Song by Evan Rachel Wood

from the album Frozen II
- Published: Wonderland Music Company
- Length: 2:05
- Label: Walt Disney
- Songwriters: Kristen Anderson-Lopez; Robert Lopez;

Music video (sing-along)
- "All is Found" on YouTube

= All Is Found =

2019 song by Evan Rachel Wood

"All Is Found" is a song from the 2019 Disney film Frozen 2. The song is performed by Evan Rachel Wood as Queen Iduna, the mother of Elsa and Anna, and written by Kristen Anderson-Lopez and Robert Lopez.

==Production==
The song was the first to be composed for the film, and its composers sought inspiration from "Rock-a-bye Baby" and Norwegian lullabies. It was written before Wood was cast.

== International versions ==
As happened in Moana with a Tahitian, Māori and Hawaiian version, a special Sami dubbing was made specifically for the movie, given the inspiration it took from Sami culture, with the song "All is Found" being performed by Norwegian singer Eva Jeanette Iversen with the title "Gávnnat Buot". Norwegian-Swedish composer Christine Hals, who had previously taken part in the composition of the soundtrack for the movie Frozen, writing the lyrics in Old Norse for the song "Heimr Árnadalr" and performing kulning for Beck to use it in his score, returned in the sequel to voice Queen Iduna in the Norwegian dubbing, singing the Norwegian version of the song with the title "I Elven Finnes Alt/In The River There Is Everything".

== End credits version by Kacey Musgraves ==

The film features a version of the song played over the end credits, performed by American country singer Kacey Musgraves. Musgraves recorded her version of the song in Nashville, Tennessee. The song was released on November 15, 2019, as part of the Frozen 2 soundtrack. In most dubbings of the film, Musgraves' version is played during the end credits.

Musgraves' rendition of the song offers a more stripped-down and folk-inspired interpretation compared to the original, which is sung by Evan Rachel Wood as Queen Iduna. Adding to the enchanting arrangement, Grammy Award winning mandolinist and singer-songwriter Chris Thile, accompanies Musgraves' version with his masterful mandolin playing and harmonizing vocals.

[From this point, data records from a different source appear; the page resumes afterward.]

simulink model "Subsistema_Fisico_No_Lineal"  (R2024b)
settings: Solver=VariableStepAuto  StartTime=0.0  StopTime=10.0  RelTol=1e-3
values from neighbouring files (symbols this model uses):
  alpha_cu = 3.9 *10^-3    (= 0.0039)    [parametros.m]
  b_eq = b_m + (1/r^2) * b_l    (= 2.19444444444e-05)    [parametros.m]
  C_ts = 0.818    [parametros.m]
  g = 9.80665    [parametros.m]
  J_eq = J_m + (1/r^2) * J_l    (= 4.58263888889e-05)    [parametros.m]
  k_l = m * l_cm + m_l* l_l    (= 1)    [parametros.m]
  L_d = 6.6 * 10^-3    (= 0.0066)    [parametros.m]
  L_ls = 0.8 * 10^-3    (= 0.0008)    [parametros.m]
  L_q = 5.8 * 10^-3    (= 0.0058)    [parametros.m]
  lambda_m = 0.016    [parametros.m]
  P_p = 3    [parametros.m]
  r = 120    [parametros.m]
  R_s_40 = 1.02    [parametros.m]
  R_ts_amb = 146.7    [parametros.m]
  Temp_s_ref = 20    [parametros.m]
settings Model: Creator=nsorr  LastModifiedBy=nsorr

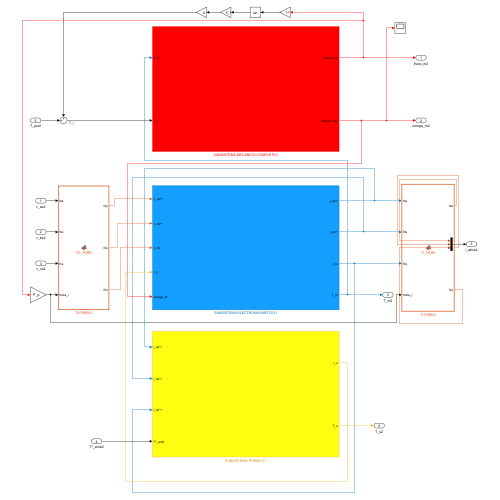
[thumbnail: Simulink's stored preview of the top-level diagram]
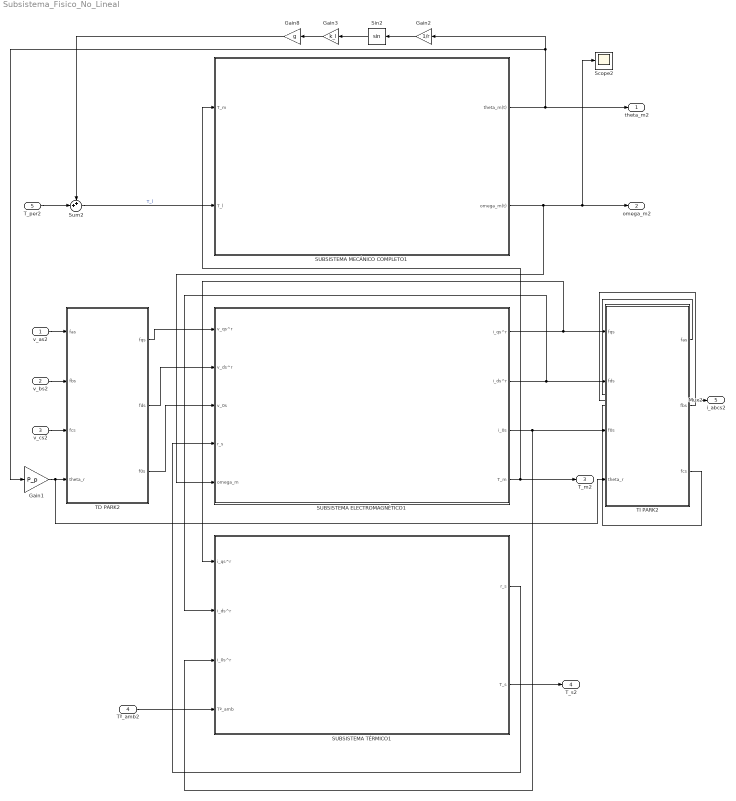
== system Subsistema_Fisico_No_Lineal ==
  v_as2 : Inport
  v_bs2 : Inport  Port=2
  v_cs2 : Inport  Port=3
  Tº_amb2 : Inport  Port=4
  T_per2 : Inport  Port=5
  Gain1 : Gain  Gain=P_p
  Gain2 : Gain  Gain=1/r
  Gain3 : Gain  Gain=k_l
  Gain8 : Gain  Gain=g
  Mux2 : Mux  Inputs=3
  SUBSISTEMA ELECTROMAGNÉTICO1 : Subsystem
  SUBSISTEMA MECÁNICO COMPLETO1 : Subsystem
  SUBSISTEMA TÉRMICO1 : Subsystem
  Scope2 : Scope
  Sin2 : Trigonometry
  Sum2 : Sum  Inputs=++|
  TD PARK2 : MATLAB Function  TreatAsAtomicUnit=on
  TI PARK2 : MATLAB Function  TreatAsAtomicUnit=on
  theta_m2 : Outport
  omega_m2 : Outport  Port=2
  T_m2 : Outport  Port=3
  T_s2 : Outport  Port=4
  i_abcs2 : Outport  Port=5
  wires:
  Sin2/1 -> Gain3/1
  Mux2/1 -> i_abcs2/1
  Gain3/1 -> Gain8/1
  TI PARK2/1(fas) -> Mux2/1
  v_cs2/1 -> TD PARK2/3(fcs)
  SUBSISTEMA ELECTROMAGNÉTICO1/2(i_ds^r) -> SUBSISTEMA TÉRMICO1/2(i_ds^r), TI PARK2/2(fds)
  Gain1/1 -> TI PARK2/4(theta_r), TD PARK2/4(theta_r)
  T_per2/1 -> Sum2/2
  SUBSISTEMA TÉRMICO1/1(r_s) -> SUBSISTEMA ELECTROMAGNÉTICO1/4(r_s)
  SUBSISTEMA ELECTROMAGNÉTICO1/1(i_qs^r) -> SUBSISTEMA TÉRMICO1/1(i_qs^r), TI PARK2/1(fqs)
  v_bs2/1 -> TD PARK2/2(fbs)
  Tº_amb2/1 -> SUBSISTEMA TÉRMICO1/4(Tº_amb)
  Gain2/1 -> Sin2/1
  SUBSISTEMA TÉRMICO1/2(T_s) -> T_s2/1
  TI PARK2/2(fbs) -> Mux2/2
  SUBSISTEMA ELECTROMAGNÉTICO1/4(T_m) -> SUBSISTEMA MECÁNICO COMPLETO1/1(T_m), T_m2/1
  SUBSISTEMA ELECTROMAGNÉTICO1/3(i_0s) -> SUBSISTEMA TÉRMICO1/3(i_0s^r), TI PARK2/3(f0s)
  TD PARK2/3(f0s) -> SUBSISTEMA ELECTROMAGNÉTICO1/3(v_0s)
  v_as2/1 -> TD PARK2/1(fas)
  Sum2/1 -> SUBSISTEMA MECÁNICO COMPLETO1/2(T_l)  "T_l"
  SUBSISTEMA MECÁNICO COMPLETO1/1(theta_m(t)) -> Gain2/1, Gain1/1, theta_m2/1
  TD PARK2/1(fqs) -> SUBSISTEMA ELECTROMAGNÉTICO1/1(v_qs^r)
  TI PARK2/3(fcs) -> Mux2/3
  SUBSISTEMA MECÁNICO COMPLETO1/2(omega_m(t)) -> SUBSISTEMA ELECTROMAGNÉTICO1/5(omega_m), omega_m2/1, Scope2/1
  Gain8/1 -> Sum2/1
  TD PARK2/2(fds) -> SUBSISTEMA ELECTROMAGNÉTICO1/2(v_ds^r)

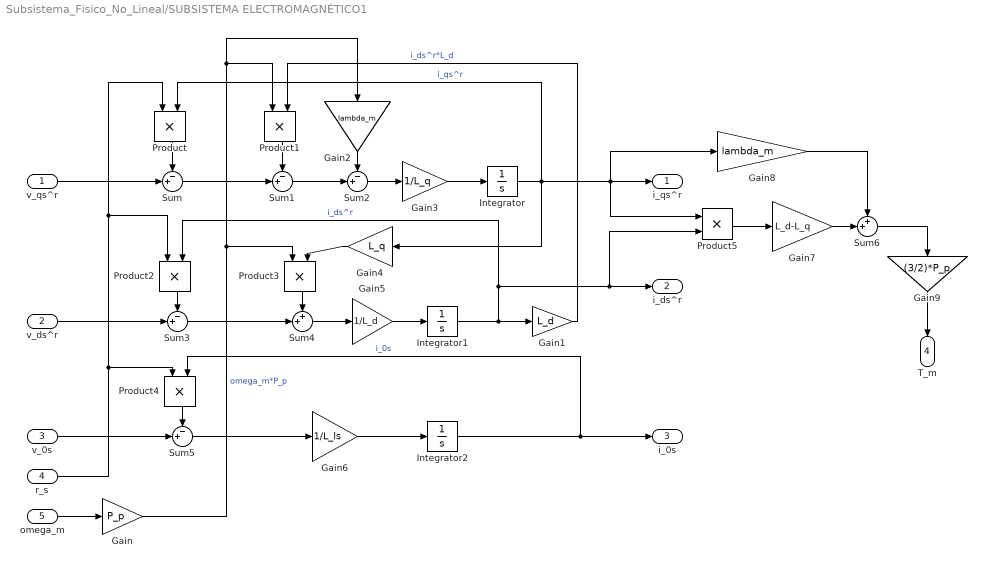
== system Subsistema_Fisico_No_Lineal/SUBSISTEMA ELECTROMAGNÉTICO1 ==
  v_qs^r : Inport
  v_ds^r : Inport  Port=2
  v_0s : Inport  Port=3
  r_s : Inport  Port=4
  omega_m : Inport  Port=5
  Gain : Gain  Gain=P_p
  Gain1 : Gain  Gain=L_d
  Gain2 : Gain  Gain=lambda_m
  Gain3 : Gain  Gain=1/L_q
  Gain4 : Gain  Gain=L_q
  Gain5 : Gain  Gain=1/L_d
  Gain6 : Gain  Gain=1/L_ls
  Gain7 : Gain  Gain=L_d-L_q
  Gain8 : Gain  Gain=lambda_m
  Gain9 : Gain  Gain=(3/2)*P_p
  Integrator : Integrator
  Integrator1 : Integrator
  Integrator2 : Integrator
  Product{,1..5} (6 alike) : Product
  Sum{,1..3,5} (5 alike) : Sum  Inputs=-+|
  Sum4 : Sum  Inputs=++|
  Sum6 : Sum  Inputs=++|
  i_qs^r : Outport
  i_ds^r : Outport  Port=2
  i_0s : Outport  Port=3
  T_m : Outport  Port=4
  wires:
  v_ds^r/1 -> Sum3/2
  Gain2/1 -> Sum2/1
  Sum6/1 -> Gain9/1
  Product/1 -> Sum/1
  v_qs^r/1 -> Sum/2
  Sum/1 -> Sum1/2
  Gain7/1 -> Sum6/2
  omega_m/1 -> Gain/1
  Gain/1 -> Gain2/1, Product1/1, Product3/1  "omega_m*P_p"
  Integrator2/1 -> i_0s/1, Product4/2  "i_0s"
  Product5/1 -> Gain7/1
  Integrator1/1 -> Product2/2, i_ds^r/1, Product5/2, Gain1/1  "i_ds^r"
  Gain8/1 -> Sum6/1
  Product3/1 -> Sum4/1
  v_0s/1 -> Sum5/2
  Gain9/1 -> T_m/1
  Gain3/1 -> Integrator/1
  Sum2/1 -> Gain3/1
  Integrator/1 -> i_qs^r/1, Gain8/1, Product5/1, Product/2, Gain4/1  "i_qs^r"
  r_s/1 -> Product4/1, Product/1, Product2/1
  Sum4/1 -> Gain5/1
  Sum1/1 -> Sum2/2
  Gain5/1 -> Integrator1/1
  Gain4/1 -> Product3/2
  Sum3/1 -> Sum4/2
  Product4/1 -> Sum5/1
  Product2/1 -> Sum3/1
  Gain1/1 -> Product1/2  "i_ds^r*L_d"
  Gain6/1 -> Integrator2/1
  Sum5/1 -> Gain6/1
  Product1/1 -> Sum1/1

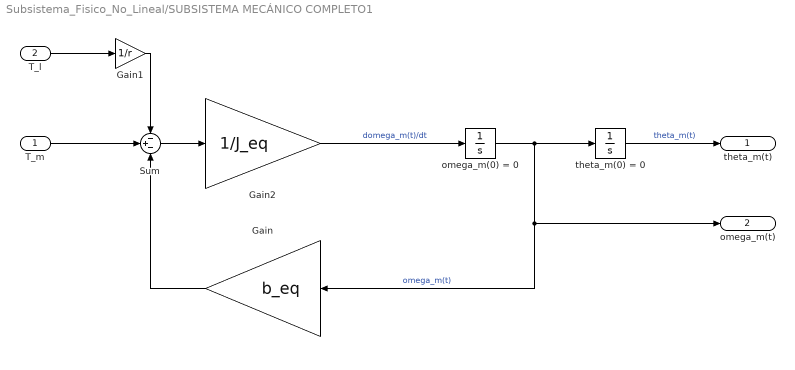
== system Subsistema_Fisico_No_Lineal/SUBSISTEMA MECÁNICO COMPLETO1 ==
  T_m : Inport
  T_l : Inport  Port=2
  Gain : Gain  Gain=b_eq
  Gain1 : Gain  Gain=1/r
  Gain2 : Gain  Gain=1/J_eq
  Sum : Sum  Inputs=-+-
  omega_m(0) = 0 : Integrator
  theta_m(0) = 0 : Integrator
  theta_m(t) : Outport
  omega_m(t) : Outport  Port=2
  wires:
  omega_m(0) = 0/1 -> omega_m(t)/1, Gain/1, theta_m(0) = 0/1  "omega_m(t)"
  T_m/1 -> Sum/2
  Gain2/1 -> omega_m(0) = 0/1  "domega_m(t)/dt"
  Sum/1 -> Gain2/1
  Gain/1 -> Sum/3
  Gain1/1 -> Sum/1
  T_l/1 -> Gain1/1
  theta_m(0) = 0/1 -> theta_m(t)/1  "theta_m(t)"

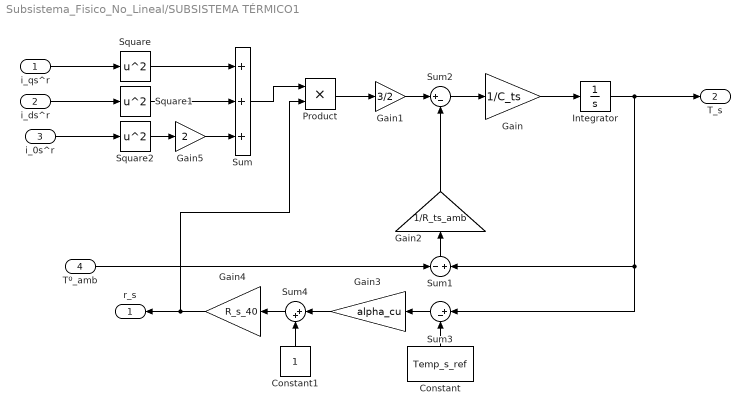
== system Subsistema_Fisico_No_Lineal/SUBSISTEMA TÉRMICO1 ==
  i_qs^r : Inport
  i_ds^r : Inport  Port=2
  i_0s^r : Inport  Port=3
  Tº_amb : Inport  Port=4
  Constant : Constant  Value=Temp_s_ref
  Constant1 : Constant
  Gain : Gain  Gain=1/C_ts
  Gain1 : Gain  Gain=3/2
  Gain2 : Gain  Gain=1/R_ts_amb
  Gain3 : Gain  Gain=alpha_cu
  Gain4 : Gain  Gain=R_s_40
  Gain5 : Gain  Gain=2
  Integrator : Integrator  InitialCondition=40
  Product : Product
  Square : Math  Operator=square
  Square1 : Math  Operator=square
  Square2 : Math  Operator=square
  Sum : Sum  Inputs=+++
  Sum1 : Sum  Inputs=-|+
  Sum2 : Sum  Inputs=|+-
  Sum3 : Sum  Inputs=|+-
  Sum4 : Sum  Inputs=|++
  r_s : Outport
  T_s : Outport  Port=2
  wires:
  Gain4/1 -> r_s/1, Product/2
  Gain/1 -> Integrator/1
  Square/1 -> Sum/1
  i_0s^r/1 -> Square2/1
  Gain1/1 -> Sum2/1
  Sum/1 -> Product/1
  Gain3/1 -> Sum4/1
  Gain5/1 -> Sum/3
  Sum4/1 -> Gain4/1
  Gain2/1 -> Sum2/2
  Square1/1 -> Sum/2
  Constant1/1 -> Sum4/2
  Tº_amb/1 -> Sum1/1
  i_ds^r/1 -> Square1/1
  i_qs^r/1 -> Square/1
  Constant/1 -> Sum3/2
  Sum1/1 -> Gain2/1
  Sum3/1 -> Gain3/1
  Product/1 -> Gain1/1
  Integrator/1 -> T_s/1, Sum3/1, Sum1/2
  Sum2/1 -> Gain/1
  Square2/1 -> Gain5/1

== matlab function Subsistema_Fisico_No_Lineal/TD PARK2 ==
  data: fas input; fqs output; fbs input; fcs input; theta_r input; fds output; f0s output
function [fqs, fds, f0s] = TD_PARK(fas, fbs, fcs, theta_r)

    fabcs = [fas; fbs; fcs];

    Ks = 2/3*[cos(theta_r) cos(theta_r - 2*pi/3) cos(theta_r + 2*pi/3)
          sin(theta_r) sin(theta_r - 2*pi/3) sin(theta_r + 2*pi/3) 
          1/2          1/2                   1/2];

    fqd0s = Ks * fabcs;

    fqs = fqd0s(1);
    fds = fqd0s(2);
    f0s = fqd0s(3);

end

== matlab function Subsistema_Fisico_No_Lineal/TI PARK2 ==
  data: fqs input; fas output; fds input; f0s input; theta_r input; fbs output; fcs output
function [fas, fbs, fcs] = TI_PARK(fqs, fds, f0s , theta_r)

    fqd0s = [fqs; fds; f0s];

    Ks = [cos(theta_r)         sin(theta_r)             1
          cos(theta_r - 2*pi/3) sin(theta_r - 2*pi/3)    1
          cos(theta_r + 2*pi/3) sin(theta_r + 2*pi/3)    1];

    fabcs = Ks * fqd0s;

    fas = fabcs(1);
    fbs = fabcs(2);
    fcs = fabcs(3);

end

== International end credits version ==
There are six versions of the song in other languages. The Tamil and Telugu versions were performed by Indian singer Sunitha Sarathy, who also lent her voice for the character Iduna in the same languages. In the Hindi version, actress Smita Malhotra performed the end credits version of the song and provided the voice for the character Iduna as well.

"All is Found" (end credits version) worldwide
| Language | Performer | Title | Translation |
| English | Kacey Musgraves | "All is found" |  |
| Hindi | स्मिता मल्होत्रा (Smita Malhotra) | "यादों की नदिया" ("Yaadon ki nadiya") | "The river of memories" |
| Kazakh | Индира Едильбаева (Indira Edibayeva) | "Берін табасйн" ("Berin tabasyn") | Unknown |
| Mandarin Chinese (China) | 吉娜·爱丽丝 (Gina Alice Redlinger) | "回忆之河" ("Huí yì zhī hé") | "The river of memories" |
| Russian | Наталья Павлова (Natalia Pavlova) [ru] & Павел Алоин (Pavel Aloin) | "Баллада о реке Ахтохаллэн" ("Ballada o reke Akhtokhallan") | "Ballad of Ahtohallan river" |
| Tamil | Sunitha Sarathy | "வாடை சேரும் பேராழி" ("Vaadai serum peraazhi") | "The north wind meets the ocean" |
| Telugu | "హంస దీవి తీరాన" ("Hamsa dheevi teeraana") | "On the seashore" |

==Charts==
===Evan Rachel Wood version===

| Chart (2019) | Peak position |
|---|---|
| Singapore (RIAS) | 27 |
| US Bubbling Under Hot 100 (Billboard) | 5 |
| US Digital Song Sales (Billboard) | 49 |
| US Kid Digital Songs (Billboard) | 5 |

===Kacey Musgraves version===

| Chart (2019) | Peak position |
|---|---|
| US Hot Country Songs (Billboard) | 31 |
| US Kid Digital Songs (Billboard) | 6 |

==Certifications==

| Region | Certification | Certified units/sales |
| United Kingdom (BPI) | Gold | 400,000^{‡} |
| United States (RIAA) | 2× Platinum | 2,000,000^{‡} |
^{‡} Sales+streaming figures based on certification alone.

==Reception==
The Los Angeles Times deemed it the fourth best song from the film. Vox called the song a "beautiful refrain".